The three countries and their respective industries had struck a deal, said a defence source who spoke on condition of anonymity and did not give details.

A French official also confirmed that the industries, seen as the main stumbling blocks on the way to an agreement recently, had found a deal to move to the next phase of the warplane project.

The German government said that talks over the next phase were progressing.

“We have nothing new to report but we are on the right path,” a defence ministry spokesperson told reporters in Berlin.

“… As soon as there is agreement, we will communicate it,” he added.

Asked whether there will be an announcement at a meeting between German Chancellor Olaf Scholz and French Prime Minister Elisabeth Borne next Friday, Scholz’s spokesman said: “We are very confident that we will be able to answer your question on Friday.”

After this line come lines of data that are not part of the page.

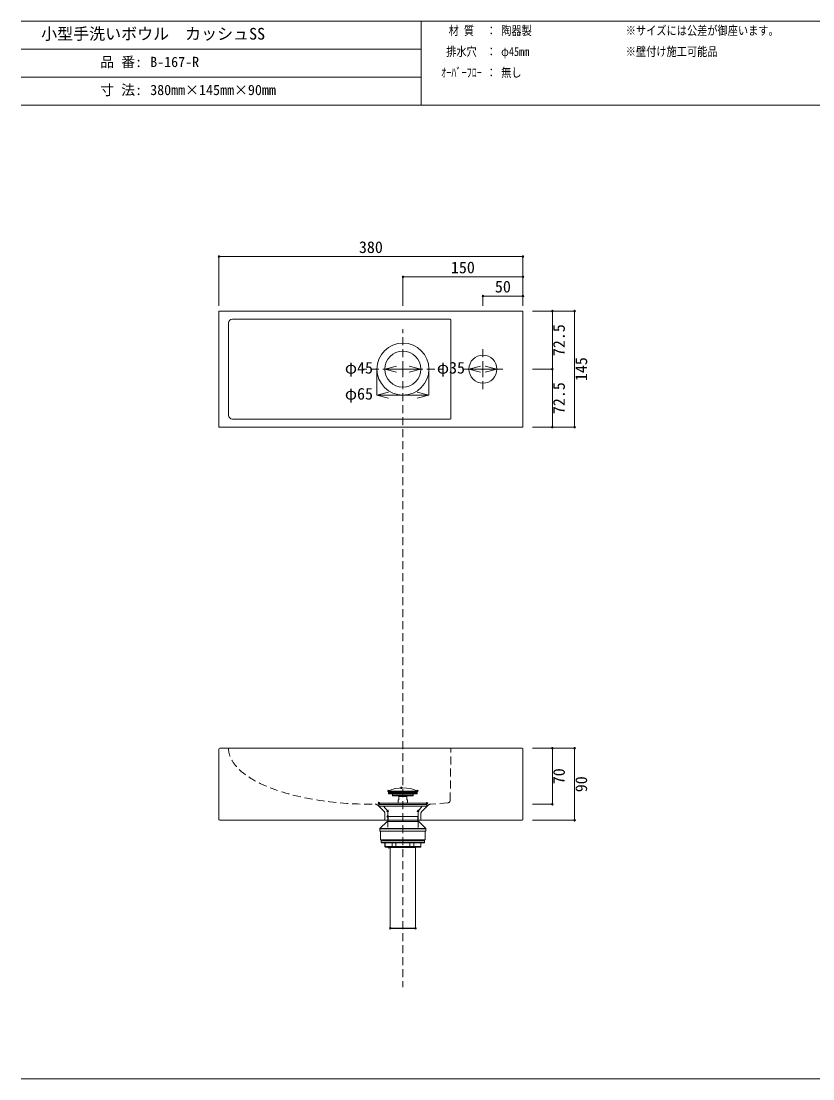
# Model space of a CAD drawing. Units: millimetres, scale not verified. Extents: x -1002 to 1043, y -687 to 1860.
# Drawn here: x -1002 to -12, y -687 to 635 of the extents above; entities that cross this region are included whole.
import ezdxf
from ezdxf.enums import TextEntityAlignment as Align

# ---------------------------------------------------------------- set-up
doc = ezdxf.new("R2010")
doc.units = ezdxf.units.MM
doc.header["$LTSCALE"] = 5
doc.header["$PDMODE"] = 32
doc.header["$PDSIZE"] = 2
doc.linetypes.add('DASHED2', pattern=[3, 2, -1])
doc.layers.add('F-0', color=7, linetype='Continuous', lineweight=15)
doc.styles.add('ＭＳ ゴシック', font='')
doc.styles.get('ＭＳ ゴシック').set_extended_font_data('MS Gothic')

msp = doc.modelspace()

# ---------------------------------------------------------------- linework, layer by layer
at = {"layer": 'F-0'}
for p, q in [((1002.034, 635.036), (-1002.086, 635.036)), ((-502.086, 635.036), (-502.086, 530.036)), ((-502.086, 600.036), (-1002.086, 600.036)), ((-502.086, 565.036), (-1002.086, 565.036)), ((1002.034, 530.036), (-1002.086, 530.036)), ((-374.882, 340.81), (-754.882, 340.81)), ((-754.882, 340.81), (-754.882, 279.144)), ((-374.882, 340.81), (-374.882, 279.144)), ((-374.882, 315.459), (-524.882, 315.459)), ((-524.882, 315.459), (-524.882, 279.144)), ((-374.882, 315.459), (-374.882, 279.144)), ((-374.882, 291.477), (-424.882, 291.477)), ((-424.882, 291.477), (-424.882, 279.144)), ((-374.882, 291.477), (-374.882, 279.144)), ((-754.882, 272.575), (-374.882, 272.575)), ((-754.882, 127.575), (-754.882, 272.575)), ((-374.882, 127.575), (-374.882, 272.575)), ((-338.078, 272.575), (-362.745, 272.575)), ((-310.233, 272.575), (-362.745, 272.575)), ((-338.078, 272.575), (-338.078, 200.075)), ((-310.233, 272.575), (-310.233, 127.575)), ((-742.882, 142.575), (-742.882, 257.575)), ((-465.882, 262.575), (-737.882, 262.575)), ((-464.882, 261.575), (-464.882, 138.575)), ((-557.382, 167.575), (-557.382, 200.075)), ((-547.382, 200.075), (-532.893, 203.957)), ((-502.382, 200.075), (-547.382, 200.075)), ((-547.382, 200.075), (-532.893, 196.192)), ((-502.382, 200.075), (-516.871, 203.957)), ((-502.382, 200.075), (-516.871, 196.192)), ((-492.382, 167.575), (-492.382, 200.075)), ((-442.382, 200.075), (-427.893, 203.957)), ((-407.382, 200.075), (-442.382, 200.075)), ((-442.382, 200.075), (-427.893, 196.192)), ((-407.382, 200.075), (-421.871, 203.957)), ((-407.382, 200.075), (-421.871, 196.192)), ((-338.078, 200.075), (-362.745, 200.075)), ((-338.078, 200.075), (-338.078, 127.575)), ((-557.382, 167.575), (-542.893, 171.457)), ((-492.382, 167.575), (-557.382, 167.575)), ((-557.382, 167.575), (-542.893, 163.692)), ((-492.382, 167.575), (-506.871, 171.457)), ((-492.382, 167.575), (-506.871, 163.692)), ((-465.882, 137.575), (-737.882, 137.575)), ((-754.882, 127.575), (-374.882, 127.575)), ((-338.078, 127.575), (-362.745, 127.575)), ((-310.233, 127.575), (-362.745, 127.575)), ((-754.882, -362.789), (-754.882, -274.789)), ((-753.882, -273.789), (-375.882, -273.789)), ((-374.882, -362.789), (-374.882, -274.789)), ((-338.078, -273.789), (-362.745, -273.789)), ((-310.233, -273.789), (-362.745, -273.789)), ((-338.078, -273.789), (-338.078, -343.789)), ((-310.233, -273.789), (-310.233, -363.789)), ((-506.882, -327.326), (-542.882, -327.326)), ((-542.882, -327.326), (-542.882, -328.326)), ((-506.882, -328.326), (-542.882, -328.326)), ((-506.882, -329.026), (-542.882, -329.026)), ((-542.882, -330.326), (-542.882, -329.026)), ((-506.882, -330.326), (-542.882, -330.326)), ((-507.082, -328.826), (-542.682, -328.826)), ((-537.882, -328.826), (-537.882, -328.326)), ((-511.882, -328.826), (-511.882, -328.326)), ((-506.882, -327.326), (-506.882, -328.326)), ((-506.882, -330.326), (-506.882, -329.026)), ((-494.882, -342.676), (-554.882, -342.676)), ((-554.882, -343.976), (-554.882, -342.676)), ((-507.382, -330.826), (-542.382, -330.826)), ((-537.882, -332.326), (-537.882, -330.826)), ((-511.882, -332.326), (-537.882, -332.326)), ((-511.882, -332.326), (-537.882, -332.326)), ((-537.882, -332.326), (-537.882, -333.326)), ((-511.882, -333.326), (-537.882, -333.326)), ((-529.882, -338.326), (-530.782, -338.326)), ((-530.782, -342.676), (-530.782, -338.326)), ((-529.882, -338.326), (-529.882, -333.331)), ((-529.882, -334.326), (-519.882, -334.326)), ((-519.882, -338.326), (-519.882, -333.331)), ((-518.982, -338.326), (-519.882, -338.326)), ((-518.982, -342.676), (-518.982, -338.326)), ((-511.882, -332.326), (-511.882, -330.826)), ((-511.882, -332.326), (-511.882, -333.326)), ((-494.882, -343.976), (-494.882, -342.676)), ((-553.401, -344.204), (-554.882, -343.976)), ((-553.401, -344.204), (-554.882, -343.976)), ((-494.882, -343.976), (-554.882, -343.976)), ((-494.882, -344.204), (-554.882, -344.204)), ((-554.882, -346.204), (-554.882, -344.204)), ((-494.882, -346.204), (-554.882, -346.204)), ((-543.882, -352.304), (-549.132, -346.204)), ((-543.882, -352.304), (-543.882, -359.897)), ((-505.882, -352.304), (-500.632, -346.204)), ((-505.882, -352.304), (-505.882, -359.897)), ((-496.364, -344.204), (-494.882, -343.976)), ((-496.364, -344.204), (-494.882, -343.976)), ((-494.882, -346.204), (-494.882, -344.204)), ((-338.078, -343.789), (-362.745, -343.789)), ((-753.882, -363.789), (-375.882, -363.789)), ((-553.574, -374.214), (-544.632, -365.272)), ((-505.132, -365.272), (-544.632, -365.272)), ((-543.882, -359.272), (-505.882, -359.272)), ((-543.882, -365.272), (-543.882, -359.272)), ((-543.882, -359.897), (-543.882, -372.645)), ((-543.382, -359.272), (-543.382, -365.272)), ((-506.382, -359.272), (-506.382, -365.272)), ((-505.882, -365.272), (-505.882, -359.272)), ((-505.882, -365.272), (-505.882, -359.272)), ((-505.882, -359.897), (-505.882, -372.849)), ((-496.191, -374.214), (-505.132, -365.272)), ((-310.233, -363.789), (-362.745, -363.789)), ((-553.632, -374.355), (-496.132, -374.355)), ((-553.632, -377.272), (-553.632, -374.355)), ((-496.132, -377.272), (-553.632, -377.272)), ((-553.574, -374.214), (-496.191, -374.214)), ((-552.882, -377.272), (-552.882, -388.272)), ((-496.882, -377.272), (-496.882, -388.272)), ((-496.132, -377.272), (-496.132, -374.355)), ((-552.882, -388.272), (-496.883, -388.272)), ((-497.882, -389.272), (-551.882, -389.272)), ((-497.882, -391.372), (-551.882, -391.372)), ((-498.382, -391.872), (-551.382, -391.872)), ((-551.132, -389.272), (-551.132, -388.272)), ((-547.382, -391.872), (-547.382, -396.772)), ((-547.202, -396.772), (-547.202, -391.872)), ((-538.502, -396.772), (-538.502, -391.872)), ((-533.582, -396.772), (-533.582, -391.872)), ((-516.182, -396.772), (-516.182, -391.872)), ((-511.262, -396.772), (-511.262, -391.872)), ((-502.562, -396.772), (-502.562, -391.872)), ((-502.382, -391.872), (-502.382, -396.772)), ((-498.632, -389.272), (-498.632, -388.272)), ((-502.382, -396.772), (-547.382, -396.772)), ((-546.882, -397.272), (-502.882, -397.272)), ((-509.132, -397.772), (-540.632, -397.772)), ((-540.632, -397.772), (-540.632, -498.824)), ((-540.382, -397.772), (-540.382, -397.272)), ((-509.382, -397.772), (-509.382, -397.272)), ((-509.132, -397.772), (-509.132, -498.824)), ((-509.132, -498.824), (-540.632, -498.824)), ((-540.432, -499.024), (-540.632, -498.824)), ((-509.333, -499.024), (-540.432, -499.024)), ((-509.333, -499.024), (-509.132, -498.824)), ((-1002.086, -687.064), (1002.034, -687.064))]:
    msp.add_line(p, q, dxfattribs=at)
at = {"layer": 'F-0', "linetype": 'DASHED2'}
for p, q in [((-524.882, 200.075), (-524.882, 250.075)), ((-424.882, 200.075), (-424.882, 230.075)), ((-524.882, 200.075), (-574.882, 200.075)), ((-524.882, 200.075), (-524.882, -572.577)), ((-524.882, 200.075), (-474.882, 200.075)), ((-424.882, 200.075), (-454.882, 200.075)), ((-424.882, 200.075), (-394.882, 200.075)), ((-424.882, 200.075), (-424.882, 170.075)), ((-465.815, -339.062), (-464.882, -273.789)), ((-468.57, -342.009), (-490.311, -343.789)), ((-548.847, -352.324), (-555.918, -345.253)), ((-547.382, -355.86), (-547.382, -363.789)), ((-502.382, -355.86), (-502.382, -363.789)), ((-500.918, -352.324), (-493.847, -345.253))]:
    msp.add_line(p, q, dxfattribs=at)
at = {"layer": 'F-0'}
for points in [[(-551.882, -389.272), (-551.882, -391.372), (-551.882, -389.272)], [(-497.882, -389.272), (-497.882, -391.372), (-497.882, -389.272)], [(-547.202, -396.772), (-547.202, -396.79), (-547.201, -396.808), (-547.199, -396.826), (-547.197, -396.844), (-547.194, -396.862), (-547.191, -396.88), (-547.187, -396.898), (-547.182, -396.915), (-547.176, -396.933), (-547.17, -396.95), (-547.164, -396.967), (-547.156, -396.984), (-547.149, -397.001), (-547.14, -397.017), (-547.131, -397.033), (-547.122, -397.049), (-547.111, -397.064), (-547.101, -397.079), (-547.089, -397.093), (-547.077, -397.107), (-547.065, -397.121), (-547.052, -397.134), (-547.039, -397.146), (-547.025, -397.159), (-547.011, -397.17), (-546.996, -397.181), (-546.981, -397.192), (-546.966, -397.202), (-546.95, -397.211), (-546.935, -397.219), (-546.918, -397.227), (-546.902, -397.235)], [(-546.877, -397.244), (-546.871, -397.247), (-546.864, -397.249), (-546.858, -397.251), (-546.852, -397.253), (-546.845, -397.255), (-546.839, -397.256), (-546.832, -397.258), (-546.826, -397.26), (-546.819, -397.261), (-546.812, -397.263), (-546.806, -397.264), (-546.799, -397.265), (-546.792, -397.266), (-546.786, -397.267), (-546.779, -397.268), (-546.772, -397.269), (-546.766, -397.27), (-546.759, -397.27), (-546.752, -397.271), (-546.745, -397.271), (-546.739, -397.272), (-546.732, -397.272), (-546.725, -397.272), (-546.719, -397.272)], [(-538.502, -396.772), (-538.502, -396.786), (-538.502, -396.801), (-538.501, -396.815), (-538.5, -396.83), (-538.498, -396.844), (-538.497, -396.858), (-538.495, -396.873), (-538.492, -396.887), (-538.489, -396.901), (-538.486, -396.915), (-538.483, -396.93), (-538.479, -396.944), (-538.475, -396.957), (-538.471, -396.971), (-538.466, -396.985), (-538.461, -396.999), (-538.455, -397.012), (-538.45, -397.025), (-538.444, -397.038), (-538.437, -397.051), (-538.43, -397.064), (-538.423, -397.077), (-538.416, -397.089), (-538.408, -397.101), (-538.4, -397.113), (-538.391, -397.125), (-538.382, -397.136), (-538.373, -397.147), (-538.363, -397.158), (-538.353, -397.169), (-538.342, -397.179), (-538.332, -397.188), (-538.321, -397.198), (-538.309, -397.207), (-538.297, -397.215), (-538.285, -397.223), (-538.273, -397.23), (-538.26, -397.237), (-538.247, -397.244)], [(-538.247, -397.244), (-538.233, -397.249), (-538.22, -397.255), (-538.206, -397.259), (-538.192, -397.263), (-538.177, -397.266), (-538.163, -397.269), (-538.149, -397.271), (-538.134, -397.272), (-538.12, -397.272)], [(-533.582, -396.772), (-533.582, -396.781), (-533.582, -396.791), (-533.582, -396.8), (-533.582, -396.809), (-533.582, -396.819), (-533.581, -396.828), (-533.581, -396.837), (-533.581, -396.847), (-533.581, -396.856), (-533.58, -396.866), (-533.58, -396.875), (-533.58, -396.884), (-533.579, -396.894), (-533.579, -396.903), (-533.578, -396.912), (-533.577, -396.922), (-533.577, -396.931), (-533.576, -396.94), (-533.576, -396.949), (-533.575, -396.959), (-533.574, -396.968), (-533.573, -396.977), (-533.572, -396.987), (-533.572, -396.996), (-533.571, -397.005), (-533.57, -397.014), (-533.569, -397.024), (-533.568, -397.033), (-533.566, -397.042), (-533.565, -397.051), (-533.564, -397.061), (-533.563, -397.07), (-533.561, -397.079), (-533.56, -397.088), (-533.558, -397.098), (-533.556, -397.107), (-533.555, -397.116), (-533.553, -397.125), (-533.551, -397.135)], [(-533.551, -397.135), (-533.549, -397.144), (-533.547, -397.153), (-533.544, -397.162), (-533.542, -397.171), (-533.54, -397.18), (-533.537, -397.189), (-533.534, -397.198), (-533.531, -397.206), (-533.528, -397.215), (-533.525, -397.223), (-533.521, -397.232), (-533.516, -397.242), (-533.511, -397.251), (-533.505, -397.259), (-533.498, -397.266), (-533.49, -397.27), (-533.481, -397.272)], [(-516.214, -397.135), (-516.216, -397.144), (-516.218, -397.153), (-516.22, -397.162), (-516.223, -397.171), (-516.225, -397.18), (-516.228, -397.189), (-516.23, -397.198), (-516.233, -397.206), (-516.236, -397.215), (-516.24, -397.223), (-516.244, -397.232), (-516.249, -397.242), (-516.254, -397.251), (-516.26, -397.259), (-516.267, -397.266), (-516.275, -397.27), (-516.284, -397.272)], [(-516.182, -396.772), (-516.182, -396.781), (-516.183, -396.791), (-516.183, -396.8), (-516.183, -396.809), (-516.183, -396.819), (-516.183, -396.828), (-516.183, -396.837), (-516.184, -396.847), (-516.184, -396.856), (-516.184, -396.866), (-516.185, -396.875), (-516.185, -396.884), (-516.185, -396.894), (-516.186, -396.903), (-516.187, -396.912), (-516.187, -396.922), (-516.188, -396.931), (-516.188, -396.94), (-516.189, -396.949), (-516.19, -396.959), (-516.19, -396.968), (-516.191, -396.977), (-516.192, -396.987), (-516.193, -396.996), (-516.194, -397.005), (-516.195, -397.014), (-516.196, -397.024), (-516.197, -397.033), (-516.198, -397.042), (-516.199, -397.051), (-516.201, -397.061), (-516.202, -397.07), (-516.203, -397.079), (-516.205, -397.088), (-516.207, -397.098), (-516.208, -397.107), (-516.21, -397.116), (-516.212, -397.125), (-516.214, -397.135)], [(-511.518, -397.244), (-511.531, -397.249), (-511.545, -397.255), (-511.559, -397.259), (-511.573, -397.263), (-511.587, -397.266), (-511.601, -397.269), (-511.616, -397.271), (-511.63, -397.272), (-511.645, -397.272)], [(-511.262, -396.772), (-511.262, -396.786), (-511.263, -396.801), (-511.264, -396.815), (-511.265, -396.83), (-511.266, -396.844), (-511.268, -396.858), (-511.27, -396.873), (-511.272, -396.887), (-511.275, -396.901), (-511.278, -396.915), (-511.282, -396.93), (-511.285, -396.944), (-511.289, -396.957), (-511.294, -396.971), (-511.299, -396.985), (-511.304, -396.999), (-511.309, -397.012), (-511.315, -397.025), (-511.321, -397.038), (-511.327, -397.051), (-511.334, -397.064), (-511.341, -397.077), (-511.349, -397.089), (-511.357, -397.101), (-511.365, -397.113), (-511.374, -397.125), (-511.383, -397.136), (-511.392, -397.147), (-511.402, -397.158), (-511.412, -397.169), (-511.422, -397.179), (-511.433, -397.188), (-511.444, -397.198), (-511.455, -397.207), (-511.467, -397.215), (-511.479, -397.223), (-511.492, -397.23), (-511.505, -397.237), (-511.518, -397.244)], [(-502.887, -397.244), (-502.894, -397.247), (-502.9, -397.249), (-502.907, -397.251), (-502.913, -397.253), (-502.919, -397.255), (-502.926, -397.256), (-502.933, -397.258), (-502.939, -397.26), (-502.946, -397.261), (-502.952, -397.263), (-502.959, -397.264), (-502.966, -397.265), (-502.972, -397.266), (-502.979, -397.267), (-502.986, -397.268), (-502.992, -397.269), (-502.999, -397.27), (-503.006, -397.27), (-503.012, -397.271), (-503.019, -397.271), (-503.026, -397.272), (-503.033, -397.272), (-503.039, -397.272), (-503.046, -397.272)], [(-502.562, -396.772), (-502.563, -396.79), (-502.564, -396.808), (-502.565, -396.826), (-502.567, -396.844), (-502.57, -396.862), (-502.574, -396.88), (-502.578, -396.898), (-502.583, -396.915), (-502.588, -396.933), (-502.594, -396.95), (-502.601, -396.967), (-502.608, -396.984), (-502.616, -397.001), (-502.624, -397.017), (-502.633, -397.033), (-502.643, -397.049), (-502.653, -397.064), (-502.664, -397.079), (-502.675, -397.093), (-502.687, -397.107), (-502.7, -397.121), (-502.712, -397.134), (-502.726, -397.146), (-502.74, -397.159), (-502.754, -397.17), (-502.768, -397.181), (-502.783, -397.192), (-502.798, -397.202), (-502.814, -397.211), (-502.83, -397.219), (-502.846, -397.227), (-502.863, -397.235)]]:
    msp.add_lwpolyline(points, dxfattribs=at)
for centre, radius in [((-524.882, 200.075), 32.5), ((-524.882, 200.075), 22.5), ((-424.882, 200.075), 17.5)]:
    msp.add_circle(centre, radius, dxfattribs=at)
for centre, radius, start, end in [((-737.882, 257.575), 5, 90, 180), ((-465.882, 261.575), 1, 0, 90), ((-737.882, 142.575), 5, 180, 270), ((-465.882, 138.575), 1, 270, 0), ((-753.882, -274.789), 1, 90, 180), ((-375.882, -274.789), 1, 0, 90), ((-524.882, -365.826), 42.5, 64.94238, 115.05762), ((-542.682, -329.026), 0.2, 90, 180), ((-542.382, -330.326), 0.5, 180, 270), ((-507.382, -330.326), 0.5, 270, 0), ((-507.082, -329.026), 0.2, 0, 90), ((-753.882, -362.789), 1, 180, 270), ((-375.882, -362.789), 1, 270, 0), ((-553.432, -374.355), 0.2, 135, 180), ((-496.332, -374.355), 0.2, 0, 45), ((-551.382, -391.372), 0.5, 180, 270), ((-498.382, -391.372), 0.5, 270, 0), ((-546.882, -396.772), 0.5, 180, 270), ((-546.719, -396.802), 0.47, 247.09102, 250.33614), ((-503.046, -396.802), 0.47, 289.66386, 292.90898), ((-502.882, -396.772), 0.5, 270, 0)]:
    msp.add_arc(centre, radius, start, end, dxfattribs=at)
at = {"layer": 'F-0', "linetype": 'DASHED2'}
for centre, radius, start, end in [((-468.814, -339.019), 3, 274.68037, 359.18154), ((-559.453, -348.789), 5, 45, 90), ((-552.382, -355.86), 5, 0, 45), ((-497.382, -355.86), 5, 135, 180), ((-490.311, -348.789), 5, 90, 135)]:
    msp.add_arc(centre, radius, start, end, dxfattribs=at)
msp.add_ellipse((-564.892, -273.789), major_axis=(-178, 0), ratio=0.393258, start_param=0.01070737, end_param=1.60134376, dxfattribs=at)
at = {"layer": 'F-0'}
for p in [(-754.882, 340.81), (-374.882, 340.81), (-524.882, 315.459), (-374.882, 315.459), (-424.882, 291.477), (-374.882, 291.477), (-338.078, 272.575), (-310.233, 272.575), (-338.078, 200.075), (-338.078, 127.575), (-310.233, 127.575), (-338.078, -273.789), (-310.233, -273.789), (-542.882, -327.169), (-526.739, -323.326), (-506.882, -327.169), (-554.882, -342.346), (-494.882, -342.676), (-338.078, -343.789), (-543.882, -352.304), (-505.882, -352.304), (-543.882, -359.068), (-310.233, -363.789), (-542.489, -397.772), (-540.632, -498.824), (-509.132, -498.824)]:
    msp.add_point(p, dxfattribs=at)

# ---------------------------------------------------------------- texts
at = {"layer": 'F-0', "style": 'ＭＳ ゴシック'}
for s, height, p in [('小型手洗いボウル\u3000カッシュSS', 14.66, (-977.086, 607.536)), ('品 番:', 12.83, (-903.336, 573.786)), ('B-167-R', 12.83, (-840.774, 573.786)), ('寸 法:', 12.83, (-903.336, 538.786)), ('380mm×145mm×90mm', 12.83, (-840.774, 538.786)), ('380', 14.66, (-579.882, 340.81)), ('150', 14.66, (-464.882, 315.459)), ('50', 14.66, (-409.882, 291.477)), ('φ45', 14.66, (-597.382, 190.075)), ('φ35', 14.66, (-482.382, 190.075)), ('φ65', 14.66, (-597.382, 157.575))]:
    msp.add_text(s, height=height, dxfattribs=at).set_placement(p, align=Align.BOTTOM_LEFT)
at = {"layer": 'F-0', "style": 'ＭＳ ゴシック', "width": 0.85}
for s, p in [('材 質', (-467.711, 614.411)), ('：', (-420.836, 614.411)), ('陶器製', (-402.086, 614.411)), ('※サイズには公差が御座います。', (-246.359, 614.411)), ('排水穴', (-470.836, 588.161)), ('：', (-420.836, 588.161)), ('φ45mm', (-402.086, 588.161)), ('※壁付け施工可能品', (-246.359, 588.161)), ('ｵｰﾊﾞｰﾌﾛｰ', (-477.086, 561.911)), ('：', (-420.836, 561.911)), ('無し', (-402.086, 561.911))]:
    msp.add_text(s, height=11, dxfattribs=at).set_placement(p, align=Align.BOTTOM_LEFT)
at = {"layer": 'F-0', "style": 'ＭＳ ゴシック'}
for s, p in [('72.5', (-318.078, 216.325)), ('145', (-290.233, 185.075)), ('72.5', (-318.078, 143.825)), ('70', (-318.078, -318.789)), ('90', (-290.233, -328.789))]:
    msp.add_text(s, height=14.66, rotation=90, dxfattribs=at).set_placement(p, align=Align.BOTTOM_LEFT)

doc.saveas('drawing.dxf')

Previously, sources had said that the next development phase for the Future Combat Air System (FCAS) is expected to cost some 3.5 billion euros ($3.63 billion), to be shared equally by the three countries.

France’s Dassault, Airbus and Indra – the latter two representing Germany and Spain, respectively – are involved in the scheme to start replacing French Rafale and German and Spanish Eurofighters from 2040.

French President Emmanuel Macron and then German Chancellor Angela Merkel first announced plans in July 2017 for FCAS, which will include a fighter jet and a range of associated weapons, including drones.

Lately, the project – originally meant to unify Europeans after the migration crisis and Britain’s decision to leave the European Union – has been a source of tension between the two countries.

Last month, Macron cancelled a joint Franco-German ministerial meeting over disagreements with Berlin on a wide range of issues including defence and energy projects.

Both sides had been struggling for more than a year to agree the next stage of FCAS‘s development, although the French and German government broadly agreed on the project.

Some sources saw the blame lying with Dassault, as the company had refused to budge in a long-running row over intellectual property rights.

Other sources blamed Airbus for pushing for a bigger workshare of the Dassault-led project, insisting it should be given “equal footing” with the French company.